Healing Pandora: The Restoration of Hope and Abundance (2009).

And this, finally, brings me to the chickadee, a small, titmouse-like bird of North America. In his book, Radical Hope: Ethics in the Face of Cultural Devastation (2006), Lear develops the concept with the help of the biography of the Native American Crow Chief Alaxchiiaahush or Plenty Coups (referring to the number of times he had touched enemy warriors in battle, called ‘counting coups’ (1846/7–1932)). His lifetime nearly spans the century when the Native Americans faced cultural devastation and total annihilation: ‘not only the loss of their entire way of life . . . but the concepts that made life meaningful beyond mere survival. . . . The young future chief was called to dream on behalf of the tribe when he was nine years old’ (Eyres, 2009). He dreamed of the annihilation of the different Native American people and their way of life in seeing all the trees of a forest being blown down by a mighty storm, except for one: the tree that housed the chickadee, ‘the most insignificant of all forest creatures. But the chickadee made up for in mental strength what he lacked in physical power: the chickadee was a great listener, willing to learn from others’ (ibid.). The interpretation given by the tribe’s elders was ‘that the Crow-people should learn from the wisdom of the chickadee; not succumb to despair or go down fighting in a blaze of glory’ (ibid.), as some neighbouring tribes did. The path Plenty Coups chose, based on his childhood dream, was with an immense courage to find an alternative to the tribe’s warrior tradition and to arrange themselves with the overwhelming might of the whites. Fully facing their cultural devastation, his radical hope ‘wagers a visceral trust that there is enough goodness in the world for things to turn out . . . alright’ (ibid.), even if there is nothing rationally knowable on which to base such trust.

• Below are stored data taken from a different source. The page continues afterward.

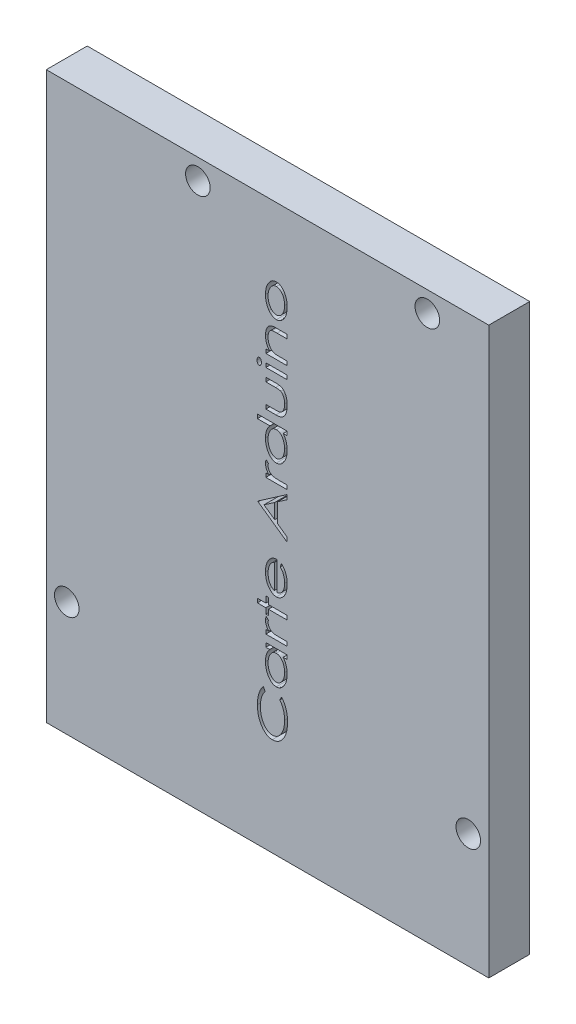
from build123d import *

# Parameters (mm, degrees)
ESQUISSE1_W             = 54
ESQUISSE1_H             = 69
EXTRUSION1_DEPTH        = 5
ESQUISSE2_W             = 2.557692307
ESQUISSE2_H             = 0.493589744
ENL_V_MAT_EXTRU_1_DEPTH = 2
ESQUISSE3_R             = 1.5
ENL_V_MAT_EXTRU_2_DEPTH = 10


with BuildPart() as part:
    # Esquisse1 → Extrusion1 (new body)
    with BuildSketch(Plane.XY):
        with Locations((-27, 34.5)):
            Rectangle(ESQUISSE1_W, ESQUISSE1_H)
    extrude(amount=EXTRUSION1_DEPTH)

    # Esquisse2 → Enlèv. mat.-Extru.1 (cut)
    # profile 1 of 13: a face of its own
    with BuildSketch(Plane.XY.offset(5)):
        with BuildLine():
            add(Edge.make_bspline(
                [(-27.247086247, 58.62309085), (-27.246056917, 58.695359189), (-27.244040574, 58.836924758), (-27.222894505, 59.044201095), (-27.190193832, 59.241931741), (-27.145057477, 59.430680366), (-27.085221102, 59.609711218), (-27.012730993, 59.779538621), (-26.927829477, 59.940485268), (-26.859649082, 60.039734744), (-26.825712048, 60.089136523)],
                knots=[0, 0, 0, 0, 1.118029041, 2.190093497, 3.220499173, 4.217871291, 5.190012594, 6.137901036, 7.073133634, 8, 8, 8, 8], degree=3))
            add(Edge.make_bspline(
                [(-26.825712048, 60.089136523), (-26.793825706, 60.131195961), (-26.731960495, 60.212798798), (-26.628242, 60.320163616), (-26.520873191, 60.411783315), (-26.409353075, 60.487943864), (-26.291948903, 60.545461323), (-26.170867758, 60.587677441), (-26.044998318, 60.612838229), (-25.959469942, 60.61612538), (-25.91635708, 60.617782356)],
                knots=[0, 0, 0, 0, 1.156785325, 2.244370538, 3.266277709, 4.248660306, 5.197713603, 6.124949243, 7.054830596, 8, 8, 8, 8], degree=3))
            add(Edge.make_bspline(
                [(-25.91635708, 60.617782356), (-25.872973596, 60.61632315), (-25.786768191, 60.613423625), (-25.660178383, 60.585192914), (-25.537529653, 60.541502956), (-25.419085821, 60.47998906), (-25.305490899, 60.400071241), (-25.195749892, 60.303632285), (-25.091270881, 60.188627856), (-24.991300429, 60.058708552), (-24.898887633, 59.915167849), (-24.819190489, 59.759421342), (-24.751002632, 59.594396123), (-24.695527997, 59.41913722), (-24.652281643, 59.234190353), (-24.621658443, 59.039226628), (-24.60324539, 58.83448484), (-24.600867211, 58.694644175), (-24.59965035, 58.62309085)],
                knots=[0, 0, 0, 0, 0.789098804, 1.567983354, 2.350210273, 3.155490411, 3.990287269, 4.874001324, 5.810856407, 6.815460693, 7.856857624, 8.915312001, 9.997439552, 11.105303834, 12.259580059, 13.453399675, 14.696961864, 16, 16, 16, 16], degree=3))
            add(Edge.make_bspline(
                [(-24.59965035, 58.62309085), (-24.600874189, 58.551304085), (-24.603270144, 58.410764539), (-24.621634473, 58.20509065), (-24.652157599, 58.009392667), (-24.695801162, 57.823859073), (-24.750698625, 57.647949192), (-24.819225002, 57.482564438), (-24.898878623, 57.326804298), (-24.991302738, 57.183267141), (-25.091270316, 57.053346936), (-25.19575003, 56.938342728), (-25.305490866, 56.841903718), (-25.419085829, 56.761985912), (-25.537529651, 56.700472013), (-25.660178383, 56.656782056), (-25.786768191, 56.628551344), (-25.872973596, 56.625651819), (-25.91635708, 56.624192613)],
                knots=[0, 0, 0, 0, 1.305249044, 2.555333257, 3.751483921, 4.903955647, 6.018189604, 7.098625447, 8.155425126, 9.195194025, 10.198227797, 11.13361828, 12.01595081, 12.849442617, 13.653463848, 14.434467899, 15.212134806, 16, 16, 16, 16], degree=3))
            add(Edge.make_bspline(
                [(-25.91635708, 56.624192613), (-25.959240149, 56.625852754), (-26.044542215, 56.62915507), (-26.170106978, 56.654414645), (-26.291175508, 56.695967174), (-26.407109931, 56.755391538), (-26.519067211, 56.830222516), (-26.62677458, 56.921415595), (-26.729809143, 57.029441458), (-26.791672732, 57.110825446), (-26.823608683, 57.152838446)],
                knots=[0, 0, 0, 0, 0.941758557, 1.873325597, 2.802242128, 3.746126364, 4.727432054, 5.755112354, 6.841117657, 8, 8, 8, 8], degree=3))
            add(Edge.make_bspline(
                [(-26.823608683, 57.152838446), (-26.857837558, 57.202204805), (-26.926530099, 57.301276146), (-27.011295639, 57.462789792), (-27.084603731, 57.632603214), (-27.144209136, 57.812327994), (-27.190515169, 58.001554775), (-27.222753325, 58.200376893), (-27.244070877, 58.408550749), (-27.246067199, 58.550586746), (-27.247086247, 58.62309085)],
                knots=[0, 0, 0, 0, 0.925913955, 1.858179155, 2.807793909, 3.776850706, 4.775415181, 5.809663793, 6.881914668, 8, 8, 8, 8], degree=3))
        make_face()
        with BuildLine():
            add(Edge.make_bspline(
                [(-26.932983683, 58.620987485), (-26.9320254, 58.570473121), (-26.930140557, 58.471116588), (-26.915718607, 58.324726045), (-26.892784311, 58.183684724), (-26.860740095, 58.047842504), (-26.818476669, 57.917816603), (-26.767016844, 57.793184754), (-26.706878334, 57.67351984), (-26.637203979, 57.561273518), (-26.561987278, 57.457904358), (-26.480912522, 57.367748769), (-26.396753644, 57.290267093), (-26.307899047, 57.227428605), (-26.215209271, 57.17804667), (-26.118262026, 57.143876142), (-26.01762337, 57.121613369), (-25.94896007, 57.119068619), (-25.914253715, 57.117782356)],
                knots=[0, 0, 0, 0, 1.211864499, 2.383612265, 3.525817359, 4.638387763, 5.728978597, 6.802613839, 7.870934821, 8.938490256, 9.969195146, 10.934099454, 11.843161065, 12.708195667, 13.538452507, 14.354344749, 15.168191808, 16, 16, 16, 16], degree=3))
            add(Edge.make_bspline(
                [(-25.914253715, 57.117782356), (-25.891796235, 57.118591174), (-25.846938457, 57.12020675), (-25.780087104, 57.129082226), (-25.714650569, 57.145920715), (-25.64972307, 57.167118897), (-25.586814105, 57.196548181), (-25.524424656, 57.230673496), (-25.464389899, 57.272756184), (-25.404834236, 57.319418556), (-25.347452976, 57.37153099), (-25.294581575, 57.42962827), (-25.243295592, 57.490849193), (-25.196145286, 57.557056557), (-25.152380658, 57.627921129), (-25.111781876, 57.702780148), (-25.074634401, 57.78217285), (-25.02948829, 57.894428026), (-24.982790766, 58.042191052), (-24.943142385, 58.227893178), (-24.917626496, 58.421626062), (-24.915057738, 58.553832192), (-24.913752914, 58.620987485)],
                knots=[0, 0, 0, 0, 0.676698543, 1.351674039, 2.02606196, 2.70946426, 3.405653627, 4.114679009, 4.848838336, 5.610721482, 6.392982434, 7.180011484, 7.97496537, 8.797371187, 9.625630927, 10.482387151, 11.360987975, 12.264255974, 14.125429088, 16.019773843, 17.978208304, 20, 20, 20, 20], degree=3))
            add(Edge.make_bspline(
                [(-24.913752914, 58.620987485), (-24.915053851, 58.688144143), (-24.917614958, 58.820352959), (-24.94318625, 59.014066385), (-24.982586966, 59.199621132), (-25.029865027, 59.347171558), (-25.074466021, 59.459634555), (-25.111789781, 59.539196033), (-25.152420717, 59.61402248), (-25.195884891, 59.684875958), (-25.243765692, 59.750530853), (-25.294321818, 59.812316776), (-25.34744446, 59.870477235), (-25.405110136, 59.922422209), (-25.463882382, 59.970170846), (-25.524926912, 60.010936325), (-25.586356693, 60.046584127), (-25.650113265, 60.074323253), (-25.714344207, 60.097341658), (-25.780298429, 60.112293942), (-25.846830863, 60.122966882), (-25.891774966, 60.123783955), (-25.914253715, 60.124192613)],
                knots=[0, 0, 0, 0, 2.021608502, 3.979865511, 5.874038621, 7.728335502, 8.638053201, 9.516574416, 10.373253009, 11.201437702, 12.018055674, 12.818372735, 13.605330473, 14.387520545, 15.15371191, 15.883845854, 16.596257792, 17.289495649, 17.975116066, 18.647787728, 19.323692347, 20, 20, 20, 20], degree=3))
            add(Edge.make_bspline(
                [(-25.914253715, 60.124192613), (-25.948962334, 60.122910636), (-26.017630114, 60.120374364), (-26.118235702, 60.098049004), (-26.215412779, 60.064080943), (-26.307701599, 60.013700671), (-26.396764407, 59.951047437), (-26.481119439, 59.873471934), (-26.56198056, 59.782627131), (-26.637012445, 59.678696399), (-26.706903203, 59.566368558), (-26.767010651, 59.446682414), (-26.818476451, 59.322055882), (-26.86074747, 59.192030121), (-26.892701114, 59.05640641), (-26.915732505, 58.915852608), (-26.930137723, 58.770157977), (-26.932024402, 58.671268059), (-26.932983683, 58.620987485)],
                knots=[0, 0, 0, 0, 0.832088621, 1.646210054, 2.46237736, 3.295543021, 4.160869255, 5.07023734, 6.039646893, 7.075221282, 8.143136624, 9.211817771, 10.28581497, 11.376773477, 12.489718964, 13.62677417, 14.793333416, 16, 16, 16, 16], degree=3))
        make_face(mode=Mode.SUBTRACT)
    # profile 2 of 13: a face of its own
    with BuildSketch(Plane.XY.offset(5)):
        with BuildLine():
            Line((-27.202214452, 52.406243895), (-27.202214452, 52.899833639))
            Line((-27.202214452, 52.899833639), (-26.740876311, 52.899833639))
            add(Edge.make_bspline(
                [(-26.740876311, 52.899833639), (-26.783101554, 52.949236619), (-26.866548769, 53.046868767), (-26.971778406, 53.207031377), (-27.059929406, 53.37409872), (-27.129809479, 53.549548525), (-27.181886544, 53.732778885), (-27.219880257, 53.923356998), (-27.242631642, 54.121804372), (-27.245585345, 54.256678819), (-27.247086247, 54.325214248)],
                knots=[0, 0, 0, 0, 1.006293527, 1.988677578, 2.962297023, 3.929401087, 4.909439067, 5.910216826, 6.938092521, 8, 8, 8, 8], degree=3))
            add(Edge.make_bspline(
                [(-27.247086247, 54.325214248), (-27.246771523, 54.360285277), (-27.246151904, 54.429332033), (-27.238565724, 54.531525017), (-27.227956202, 54.630834555), (-27.211257705, 54.726829023), (-27.192197009, 54.820250171), (-27.166701205, 54.910216606), (-27.137185758, 54.99748873), (-27.103848447, 55.08145454), (-27.066057425, 55.160903959), (-27.025338081, 55.235730019), (-26.981495325, 55.304981585), (-26.934063485, 55.368460743), (-26.884176833, 55.426996644), (-26.831224109, 55.480586433), (-26.773781302, 55.52738243), (-26.713509903, 55.570614717), (-26.646953209, 55.608173729), (-26.57219304, 55.639592131), (-26.489442006, 55.666782632), (-26.398064923, 55.689267194), (-26.298111134, 55.705371813), (-26.189857926, 55.718412116), (-26.073017317, 55.724831783), (-25.992317496, 55.726101898), (-25.950712048, 55.726756715)],
                knots=[0, 0, 0, 0, 1.149170785, 2.262451882, 3.356998706, 4.421050154, 5.454614688, 6.480458824, 7.483253189, 8.473211069, 9.439415136, 10.364928947, 11.263750434, 12.123163779, 12.959780803, 13.78303711, 14.588207165, 15.385137629, 16.211701127, 17.08670854, 18.038628498, 19.064100821, 20.167190579, 21.354800202, 22.636245781, 24, 24, 24, 24], degree=3))
            Line((-25.950712048, 55.726756715), (-24.644522145, 55.726756715))
            Line((-24.644522145, 55.726756715), (-24.644522145, 55.233166972))
            Line((-24.644522145, 55.233166972), (-25.847647145, 55.233166972))
            add(Edge.make_bspline(
                [(-25.847647145, 55.233166972), (-25.882468938, 55.232949892), (-25.949077104, 55.232534654), (-26.044463121, 55.231678734), (-26.130697351, 55.227862758), (-26.208042207, 55.223564089), (-26.276435173, 55.2194712), (-26.335704965, 55.211846076), (-26.385986658, 55.205076746), (-26.41606306, 55.197851859), (-26.429578234, 55.194605273)],
                knots=[0, 0, 0, 0, 1.430316998, 2.735952994, 3.917633013, 4.975117572, 5.918238547, 6.730267318, 7.429431135, 8, 8, 8, 8], degree=3))
            add(Edge.make_bspline(
                [(-26.429578234, 55.194605273), (-26.450076374, 55.189272524), (-26.490467075, 55.178764571), (-26.547464348, 55.154390348), (-26.600538999, 55.12471205), (-26.650123673, 55.089433768), (-26.695655873, 55.047915459), (-26.737279099, 55.000653965), (-26.774402068, 54.947502166), (-26.808299677, 54.889252231), (-26.837168446, 54.825291165), (-26.863484061, 54.757097235), (-26.884981137, 54.684126021), (-26.902446468, 54.606327929), (-26.916430141, 54.523965814), (-26.926167828, 54.436656121), (-26.931642889, 54.34491662), (-26.932530368, 54.282219305), (-26.932983683, 54.250194215)],
                knots=[0, 0, 0, 0, 0.876055379, 1.726229402, 2.558139535, 3.39066867, 4.240236547, 5.104234556, 5.993027052, 6.920950632, 7.890921188, 8.895658824, 9.945928722, 11.037651764, 12.195937577, 13.403628433, 14.673802368, 16, 16, 16, 16], degree=3))
            add(Edge.make_bspline(
                [(-26.932983683, 54.250194215), (-26.932506265, 54.21301591), (-26.931561955, 54.139478857), (-26.922206808, 54.030831775), (-26.906888202, 53.925210803), (-26.884988206, 53.822719957), (-26.857571079, 53.723012139), (-26.824935779, 53.625729237), (-26.784651773, 53.532075611), (-26.739439385, 53.441794182), (-26.689252962, 53.357347878), (-26.636909798, 53.278767171), (-26.5806804, 53.208546243), (-26.521500138, 53.145805003), (-26.459860283, 53.090088058), (-26.394957494, 53.041982918), (-26.327035923, 53.001700321), (-26.279304597, 52.980922295), (-26.255700029, 52.97064694)],
                knots=[0, 0, 0, 0, 1.167408504, 2.309082687, 3.421841772, 4.51735265, 5.598209192, 6.668245375, 7.737072533, 8.797321709, 9.837099145, 10.820367752, 11.760329686, 12.65858699, 13.526586695, 14.366288304, 15.192080716, 16, 16, 16, 16], degree=3))
            add(Edge.make_bspline(
                [(-26.255700029, 52.97064694), (-26.238505128, 52.964684474), (-26.201363617, 52.951805365), (-26.139304797, 52.939031964), (-26.068160813, 52.925756276), (-25.987062696, 52.91669266), (-25.896360684, 52.908970203), (-25.796062164, 52.90329213), (-25.685932385, 52.900966723), (-25.60926617, 52.900221899), (-25.569301792, 52.899833639)],
                knots=[0, 0, 0, 0, 0.629771554, 1.360325789, 2.190835342, 3.136705928, 4.184790911, 5.34423062, 6.615607005, 8, 8, 8, 8], degree=3))
            Line((-25.569301792, 52.899833639), (-24.644522145, 52.899833639))
            Line((-24.644522145, 52.899833639), (-24.644522145, 52.406243895))
            Line((-24.644522145, 52.406243895), (-27.202214452, 52.406243895))
        make_face()
    # profile 3 of 13: a face of its own
    with BuildSketch(Plane.XY.offset(5)):
        with BuildLine():
            add(Edge.make_bspline(
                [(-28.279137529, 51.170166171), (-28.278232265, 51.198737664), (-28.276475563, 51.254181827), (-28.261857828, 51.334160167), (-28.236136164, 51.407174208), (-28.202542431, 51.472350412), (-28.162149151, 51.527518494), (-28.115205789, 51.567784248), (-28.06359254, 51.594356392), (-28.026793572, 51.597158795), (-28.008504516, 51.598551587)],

In ecological terms, Plenty Coups’ listening to the chickadee unmistakably speaks not only of the necessity of ‘an immediate communication with nature’, as Jung expressed it, but also, in contrast to him and most current eco-psychologists, of a continuing potential to do so. To be clear, the communication I mean is, as

Jerome Bernstein puts it, ‘not a regressive return to a state once lived but is developmentally progressed in evolutionary terms’ (2010, p. 21).